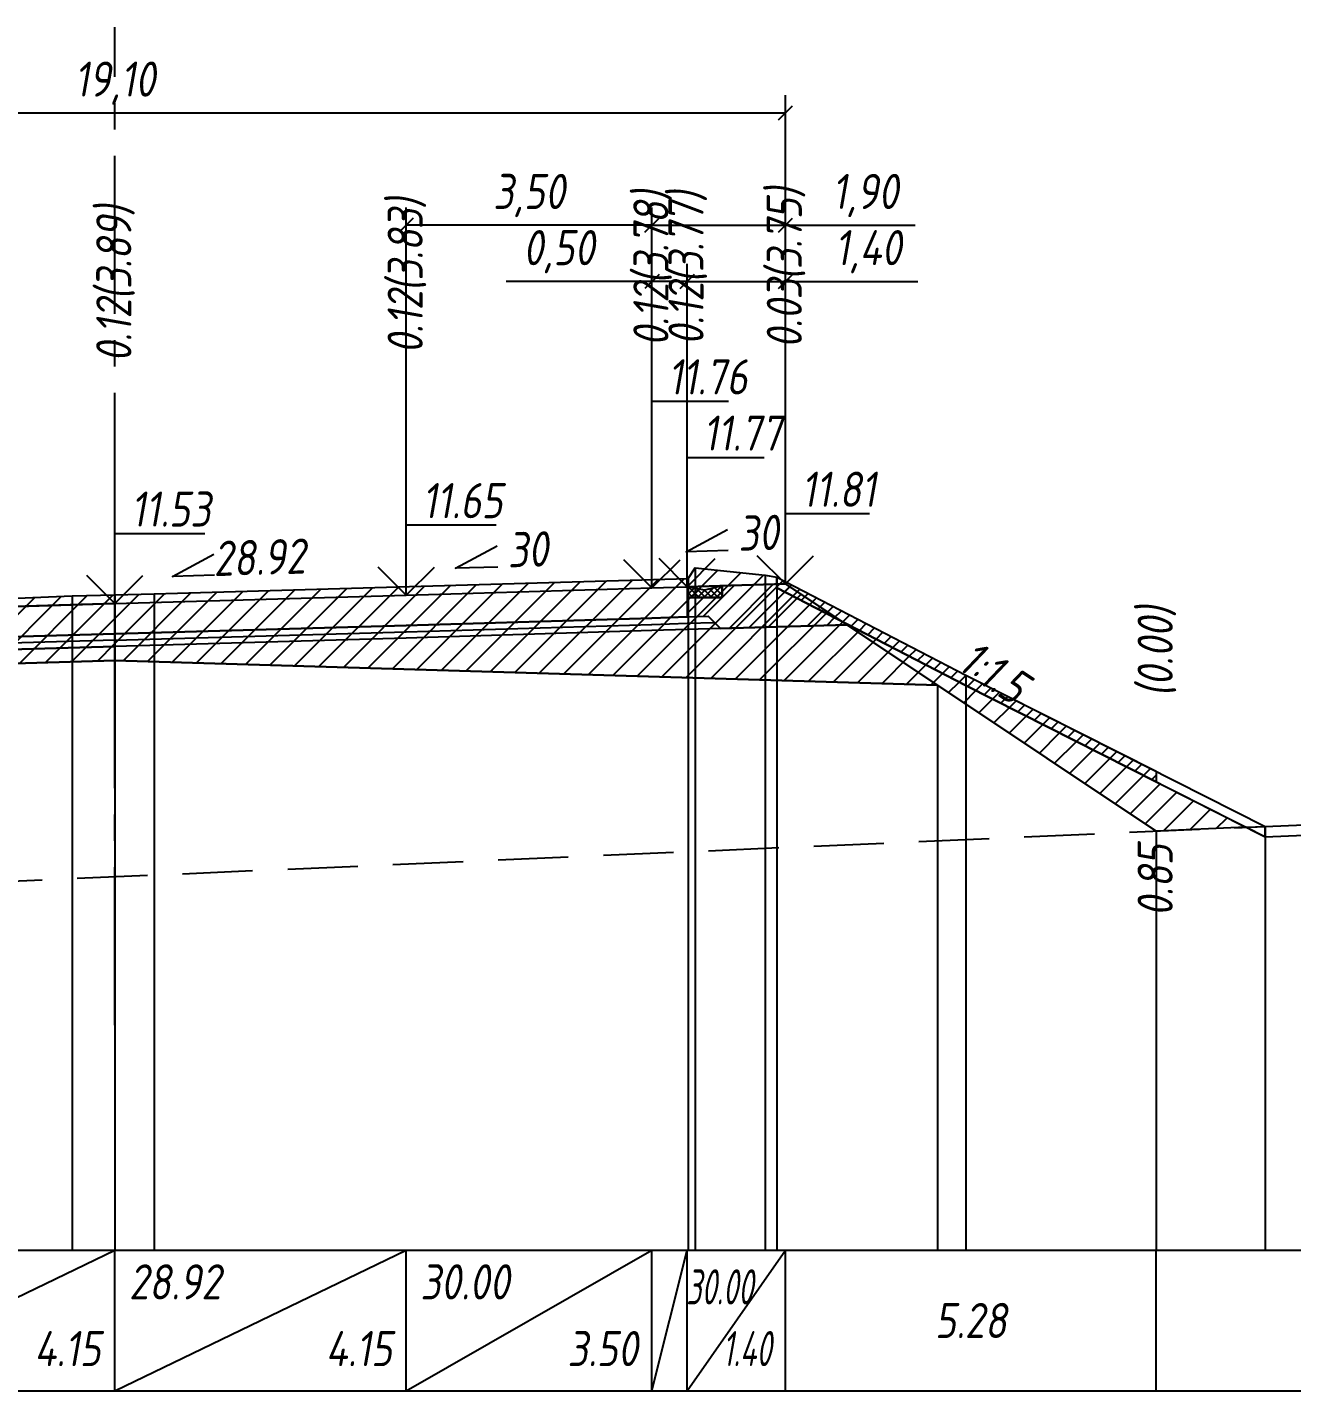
# Model space of a CAD drawing. Extents: x -717 to 1451, y -133302 to 233.
# Drawn here: x 178.7 to 268.7, y -100052 to -99954.9 of the extents above; entities that cross this region are included whole.
import ezdxf
from ezdxf.enums import TextEntityAlignment as Align

# ---------------------------------------------------------------- set-up
doc = ezdxf.new("R2010")
doc.units = 0
doc.linetypes.add('осевая2', pattern=[1.125, 0.75, -0.125, 0.125, -0.125])
doc.linetypes.add('штриховая', pattern=[0.75, 0.5, -0.25])
for name, color, linetype in [('Интерполированный поперечник', 2, 'Continuous'), ('Код_514', 1, 'Continuous'), ('Контур_0', 7, 'Continuous'), ('Контур_2521', 7, 'Continuous'), ('Контур_2564', 7, 'Continuous'), ('Контур_2660', 7, 'Continuous'), ('Контур_2665', 7, 'Continuous'), ('Контур_400', 7, 'Continuous'), ('Контур_508', 7, 'Continuous'), ('Контур_512', 7, 'Continuous'), ('Контур_513', 7, 'Continuous'), ('Контур_818', 7, 'Continuous'), ('Красный поперечник', 1, 'Continuous'), ('Объём_2501', 7, 'Continuous'), ('Объём_2564', 7, 'Continuous'), ('Объём_2650', 7, 'Continuous'), ('Объём_2660', 7, 'Continuous'), ('Объём_2661', 7, 'Continuous'), ('Объём_2665', 7, 'Continuous'), ('Объём_2666', 7, 'Continuous'), ('Объём_2667', 7, 'Continuous'), ('Объём_2668', 7, 'Continuous'), ('Объём_2669', 7, 'Continuous'), ('Объём_2675', 7, 'Continuous'), ('Ось', 1, 'осевая2'), ('Откосы', 7, 'Continuous'), ('Отметки покрытия', 7, 'Continuous'), ('Рабочие отметки', 7, 'Continuous'), ('Рабочие отметки доп.', 7, 'Continuous'), ('Таблица', 7, 'Continuous'), ('Уклоны проезжей части', 7, 'Continuous'), ('Черный поперечник', 3, 'Continuous')]:
    doc.layers.add(name, color=color, linetype=linetype)
for name, color, linetype, true_color in [('Контур_2540', 2, 'Continuous', 0xffff00), ('Контур_2560', 2, 'Continuous', 0xffff00), ('Контур_2561', 7, 'Continuous', 0xff8040), ('Контур_2562', 3, 'Continuous', 0x00ff00), ('Контур_2563', 7, 'Continuous', 0xff8000), ('Контур_2570', 7, 'Continuous', 0x80ff00), ('Контур_2736', 4, 'Continuous', 0x00ffff), ('Контур_2737', 4, 'Continuous', 0x00ffff), ('Контур_2738', 4, 'Continuous', 0x00ffff), ('Контур_2739', 4, 'Continuous', 0x00ffff), ('Контур_2741', 4, 'Continuous', 0x00ffff), ('Контур_2742', 4, 'Continuous', 0x00ffff), ('Контур_2743', 4, 'Continuous', 0x00ffff), ('Контур_2744', 7, 'Continuous', 0xa4ffff), ('Контур_2745', 7, 'Continuous', 0xa4ffff), ('Контур_2747', 4, 'Continuous', 0x00ffff), ('Контур_2748', 4, 'Continuous', 0x00ffff), ('Контур_2749', 4, 'Continuous', 0x00ffff), ('Контур_2750', 4, 'Continuous', 0x00ffff), ('Контур_2751', 4, 'Continuous', 0x00ffff), ('Контур_2752', 4, 'Continuous', 0x00ffff), ('Контур_402', 7, 'Continuous', 0xff6464), ('Контур_703', 4, 'Continuous', 0x00ffff), ('Контур_705', 4, 'Continuous', 0x00ffff), ('Контур_707', 4, 'Continuous', 0x00ffff), ('Контур_720', 131, 'Continuous', 0xaaffff), ('Объём_2500', 7, 'Continuous', 0xc0c0c0), ('Объём_2520', 7, 'Continuous', 0x80ffff), ('Объём_2540', 2, 'Continuous', 0xffff00), ('Объём_2560', 2, 'Continuous', 0xffff00), ('Объём_2561', 7, 'Continuous', 0xff8040), ('Объём_2562', 3, 'Continuous', 0x00ff00), ('Объём_2563', 7, 'Continuous', 0xff8000), ('Объём_2570', 7, 'Continuous', 0x80ff00), ('Объём_2580', 3, 'Continuous', 0x00ff00), ('Объём_2600', 7, 'Continuous', 0x808000)]:
    doc.layers.add(name, color=color, linetype=linetype, true_color=true_color)
doc.styles.get("Standard").update_dxf_attribs({"font": 'txt', "height": 2.5})
doc.styles.add('М', font='romand.shx', dxfattribs={"width": 0.8, "oblique": 10, "height": 2.5})
doc.dimstyles.new('ISO-25', dxfattribs={"dimtxt": 2.5, "dimasz": 2.5, "dimexe": 1.25, "dimexo": 0.625, "dimtad": 1, "dimtxsty": 'Standard', "dimcen": 2.5, "dimadec": 0, "dimazin": 0, "dimtfac": 1, "dimtmove": 0, "dimatfit": 3, "dimfxl": 1, "dimarcsym": 0})

# ---------------------------------------------------------------- blocks, each defined once
blk = doc.blocks.new('_Oblique')
at = {"color": 0, "linetype": 'ByBlock', "lineweight": -2}
blk.add_line((-0.5, -0.5), (0.5, 0.5), dxfattribs=at)
blk = doc.blocks.new('*D2002')
at = {"color": 0, "lineweight": -2, "transparency": 16777216}
for p, q in [((225.67, -99994.205), (225.67, -99971.78)), ((232.67, -99993.995), (232.67, -99971.78)), ((225.67, -99973.03), (232.67, -99973.03)), ((232.67, -99973.03), (242.111, -99973.03))]:
    blk.add_line(p, q, dxfattribs=at)
at = {"layer": 'Defpoints', "color": 0, "transparency": 16777216}
for p in [(232.67, -99973.03), (225.67, -99994.83), (232.67, -99994.62)]:
    blk.add_point(p, dxfattribs=at)
at = {"color": 0, "lineweight": -2, "transparency": 16777216, "rotation": 180}
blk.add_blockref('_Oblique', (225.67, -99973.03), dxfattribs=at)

==*==

[Your assignment] Reproduce the material above exactly but drop all images.

[Exercise solution]
# Model space of a CAD drawing. Extents: x -717 to 1451, y -133302 to 233.
# Drawn here: x 178.7 to 268.7, y -100052 to -99954.9 of the extents above; entities that cross this region are included whole.
import ezdxf
from ezdxf.enums import TextEntityAlignment as Align

# ---------------------------------------------------------------- set-up
doc = ezdxf.new("R2010")
doc.units = 0
doc.linetypes.add('осевая2', pattern=[1.125, 0.75, -0.125, 0.125, -0.125])
doc.linetypes.add('штриховая', pattern=[0.75, 0.5, -0.25])
for name, color, linetype in [('Интерполированный поперечник', 2, 'Continuous'), ('Код_514', 1, 'Continuous'), ('Контур_0', 7, 'Continuous'), ('Контур_2521', 7, 'Continuous'), ('Контур_2564', 7, 'Continuous'), ('Контур_2660', 7, 'Continuous'), ('Контур_2665', 7, 'Continuous'), ('Контур_400', 7, 'Continuous'), ('Контур_508', 7, 'Continuous'), ('Контур_512', 7, 'Continuous'), ('Контур_513', 7, 'Continuous'), ('Контур_818', 7, 'Continuous'), ('Красный поперечник', 1, 'Continuous'), ('Объём_2501', 7, 'Continuous'), ('Объём_2564', 7, 'Continuous'), ('Объём_2650', 7, 'Continuous'), ('Объём_2660', 7, 'Continuous'), ('Объём_2661', 7, 'Continuous'), ('Объём_2665', 7, 'Continuous'), ('Объём_2666', 7, 'Continuous'), ('Объём_2667', 7, 'Continuous'), ('Объём_2668', 7, 'Continuous'), ('Объём_2669', 7, 'Continuous'), ('Объём_2675', 7, 'Continuous'), ('Ось', 1, 'осевая2'), ('Откосы', 7, 'Continuous'), ('Отметки покрытия', 7, 'Continuous'), ('Рабочие отметки', 7, 'Continuous'), ('Рабочие отметки доп.', 7, 'Continuous'), ('Таблица', 7, 'Continuous'), ('Уклоны проезжей части', 7, 'Continuous'), ('Черный поперечник', 3, 'Continuous')]:
    doc.layers.add(name, color=color, linetype=linetype)
for name, color, linetype, true_color in [('Контур_2540', 2, 'Continuous', 0xffff00), ('Контур_2560', 2, 'Continuous', 0xffff00), ('Контур_2561', 7, 'Continuous', 0xff8040), ('Контур_2562', 3, 'Continuous', 0x00ff00), ('Контур_2563', 7, 'Continuous', 0xff8000), ('Контур_2570', 7, 'Continuous', 0x80ff00), ('Контур_2736', 4, 'Continuous', 0x00ffff), ('Контур_2737', 4, 'Continuous', 0x00ffff), ('Контур_2738', 4, 'Continuous', 0x00ffff), ('Контур_2739', 4, 'Continuous', 0x00ffff), ('Контур_2741', 4, 'Continuous', 0x00ffff), ('Контур_2742', 4, 'Continuous', 0x00ffff), ('Контур_2743', 4, 'Continuous', 0x00ffff), ('Контур_2744', 7, 'Continuous', 0xa4ffff), ('Контур_2745', 7, 'Continuous', 0xa4ffff), ('Контур_2747', 4, 'Continuous', 0x00ffff), ('Контур_2748', 4, 'Continuous', 0x00ffff), ('Контур_2749', 4, 'Continuous', 0x00ffff), ('Контур_2750', 4, 'Continuous', 0x00ffff), ('Контур_2751', 4, 'Continuous', 0x00ffff), ('Контур_2752', 4, 'Continuous', 0x00ffff), ('Контур_402', 7, 'Continuous', 0xff6464), ('Контур_703', 4, 'Continuous', 0x00ffff), ('Контур_705', 4, 'Continuous', 0x00ffff), ('Контур_707', 4, 'Continuous', 0x00ffff), ('Контур_720', 131, 'Continuous', 0xaaffff), ('Объём_2500', 7, 'Continuous', 0xc0c0c0), ('Объём_2520', 7, 'Continuous', 0x80ffff), ('Объём_2540', 2, 'Continuous', 0xffff00), ('Объём_2560', 2, 'Continuous', 0xffff00), ('Объём_2561', 7, 'Continuous', 0xff8040), ('Объём_2562', 3, 'Continuous', 0x00ff00), ('Объём_2563', 7, 'Continuous', 0xff8000), ('Объём_2570', 7, 'Continuous', 0x80ff00), ('Объём_2580', 3, 'Continuous', 0x00ff00), ('Объём_2600', 7, 'Continuous', 0x808000)]:
    doc.layers.add(name, color=color, linetype=linetype, true_color=true_color)
doc.styles.get("Standard").update_dxf_attribs({"font": 'txt', "height": 2.5})
doc.styles.add('М', font='romand.shx', dxfattribs={"width": 0.8, "oblique": 10, "height": 2.5})
doc.dimstyles.new('ISO-25', dxfattribs={"dimtxt": 2.5, "dimasz": 2.5, "dimexe": 1.25, "dimexo": 0.625, "dimtad": 1, "dimtxsty": 'Standard', "dimcen": 2.5, "dimadec": 0, "dimazin": 0, "dimtfac": 1, "dimtmove": 0, "dimatfit": 3, "dimfxl": 1, "dimarcsym": 0})

# ---------------------------------------------------------------- blocks, each defined once
blk = doc.blocks.new('_Oblique')
at = {"color": 0, "linetype": 'ByBlock', "lineweight": -2}
blk.add_line((-0.5, -0.5), (0.5, 0.5), dxfattribs=at)
blk = doc.blocks.new('*D2002')
at = {"color": 0, "lineweight": -2, "transparency": 16777216}
for p, q in [((225.67, -99994.205), (225.67, -99971.78)), ((232.67, -99993.995), (232.67, -99971.78)), ((225.67, -99973.03), (232.67, -99973.03)), ((232.67, -99973.03), (242.111, -99973.03))]:
    blk.add_line(p, q, dxfattribs=at)
at = {"layer": 'Defpoints', "color": 0, "transparency": 16777216}
for p in [(232.67, -99973.03), (225.67, -99994.83), (232.67, -99994.62)]:
    blk.add_point(p, dxfattribs=at)
at = {"color": 0, "lineweight": -2, "transparency": 16777216, "rotation": 180}
blk.add_blockref('_Oblique', (225.67, -99973.03), dxfattribs=at)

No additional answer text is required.